**WHAT TO DO:** Search the records below for the string "classe", and report each line that contains it.

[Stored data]
_ _ _ _
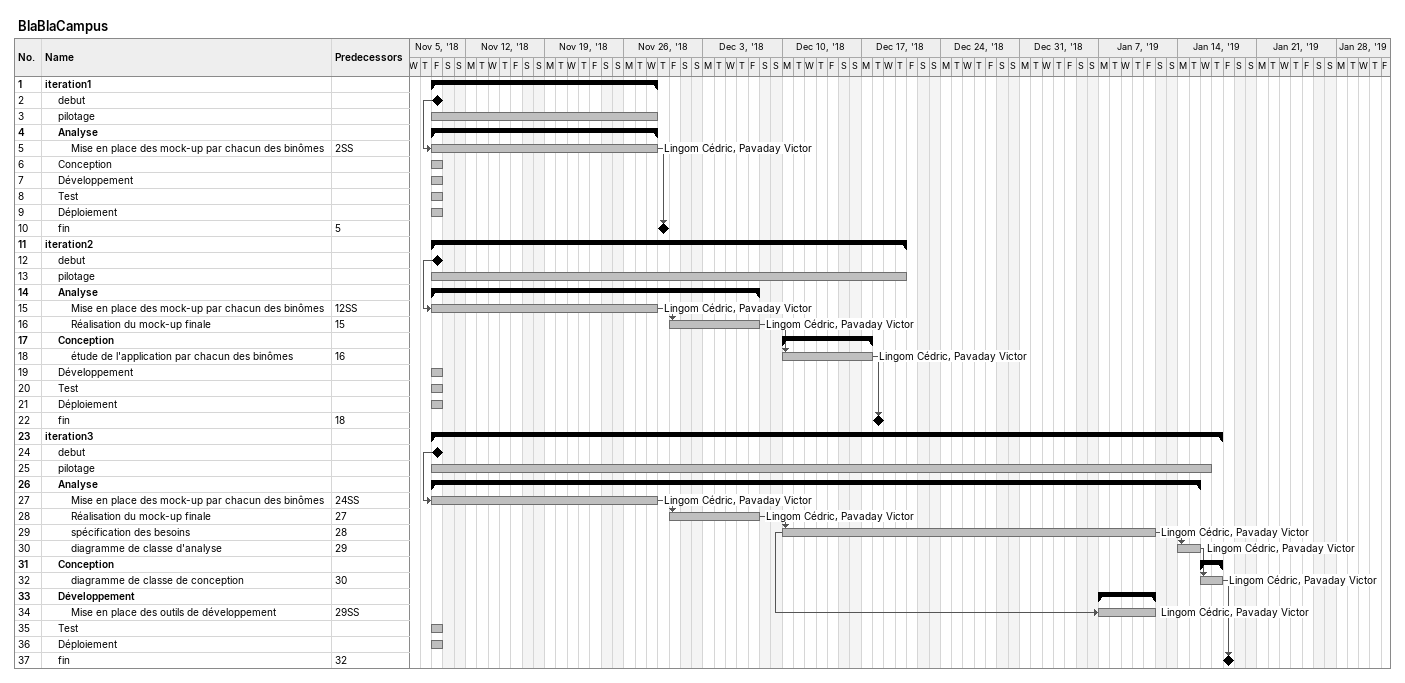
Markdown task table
BlaBlaCampus

| ID | Level | Task | Start | Finish | Predecessors | Resources |
|---|---|---|---|---|---|---|
| 1 | 1 | **iteration1** | 2018-11-09 | 2018-11-28 |  |  |
| 2 | 2 | debut (milestone) | 2018-11-09 | 2018-11-09 |  |  |
| 3 | 2 | pilotage | 2018-11-09 | 2018-11-28 |  |  |
| 4 | 2 | **Analyse** | 2018-11-09 | 2018-11-28 |  |  |
| 5 | 3 | Mise en place des mock-up par chacun des binômes | 2018-11-09 | 2018-11-28 | 2SS | Lingom Cédric, Pavaday Victor |
| 6 | 2 | Conception | 2018-11-09 | 2018-11-09 |  |  |
| 7 | 2 | Développement | 2018-11-09 | 2018-11-09 |  |  |
| 8 | 2 | Test | 2018-11-09 | 2018-11-09 |  |  |
| 9 | 2 | Déploiement | 2018-11-09 | 2018-11-09 |  |  |
| 10 | 2 | fin (milestone) | 2018-11-29 | 2018-11-29 | 5 |  |
| 11 | 1 | **iteration2** | 2018-11-09 | 2018-12-20 |  |  |
| 12 | 2 | debut (milestone) | 2018-11-09 | 2018-11-09 |  |  |
| 13 | 2 | pilotage | 2018-11-09 | 2018-12-20 |  |  |
| 14 | 2 | **Analyse** | 2018-11-09 | 2018-12-07 |  |  |
| 15 | 3 | Mise en place des mock-up par chacun des binômes | 2018-11-09 | 2018-11-28 | 12SS | Lingom Cédric, Pavaday Victor |
| 16 | 3 | Réalisation du mock-up finale | 2018-11-30 | 2018-12-07 | 15 | Lingom Cédric, Pavaday Victor |
| 17 | 2 | **Conception** | 2018-12-10 | 2018-12-17 |  |  |
| 18 | 3 | étude de l'application par chacun des binômes | 2018-12-10 | 2018-12-17 | 16 | Lingom Cédric, Pavaday Victor |
| 19 | 2 | Développement | 2018-11-09 | 2018-11-09 |  |  |
| 20 | 2 | Test | 2018-11-09 | 2018-11-09 |  |  |
| 21 | 2 | Déploiement | 2018-11-09 | 2018-11-09 |  |  |
| 22 | 2 | fin (milestone) | 2018-12-18 | 2018-12-18 | 18 |  |
| 23 | 1 | **iteration3** | 2018-11-09 | 2019-01-17 |  |  |
| 24 | 2 | debut (milestone) | 2018-11-09 | 2018-11-09 |  |  |
| 25 | 2 | pilotage | 2018-11-09 | 2019-01-16 |  |  |
| 26 | 2 | **Analyse** | 2018-11-09 | 2019-01-15 |  |  |
| 27 | 3 | Mise en place des mock-up par chacun des binômes | 2018-11-09 | 2018-11-28 | 24SS | Lingom Cédric, Pavaday Victor |
| 28 | 3 | Réalisation du mock-up finale | 2018-11-30 | 2018-12-07 | 27 | Lingom Cédric, Pavaday Victor |
| 29 | 3 | spécification des besoins | 2018-12-10 | 2019-01-11 | 28 | Lingom Cédric, Pavaday Victor |
| 30 | 3 | diagramme de classe d'analyse | 2019-01-14 | 2019-01-15 | 29 | Lingom Cédric, Pavaday Victor |
| 31 | 2 | **Conception** | 2019-01-16 | 2019-01-17 |  |  |
| 32 | 3 | diagramme de classe de conception | 2019-01-16 | 2019-01-17 | 30 | Lingom Cédric, Pavaday Victor |
| 33 | 2 | **Développement** | 2019-01-07 | 2019-01-11 |  |  |
| 34 | 3 | Mise en place des outils de développement | 2019-01-07 | 2019-01-11 | 29SS | Lingom Cédric, Pavaday Victor |
| 35 | 2 | Test | 2018-11-09 | 2018-11-09 |  |  |
| 36 | 2 | Déploiement | 2018-11-09 | 2018-11-09 |  |  |
| 37 | 2 | fin (milestone) | 2019-01-18 | 2019-01-18 | 32 |  |
_ _ _ _
**TASK SOLUTION:**
| 30 | 3 | diagramme de classe d'analyse | 2019-01-14 | 2019-01-15 | 29 | Lingom Cédric, Pavaday Victor |
| 32 | 3 | diagramme de classe de conception | 2019-01-16 | 2019-01-17 | 30 | Lingom Cédric, Pavaday Victor |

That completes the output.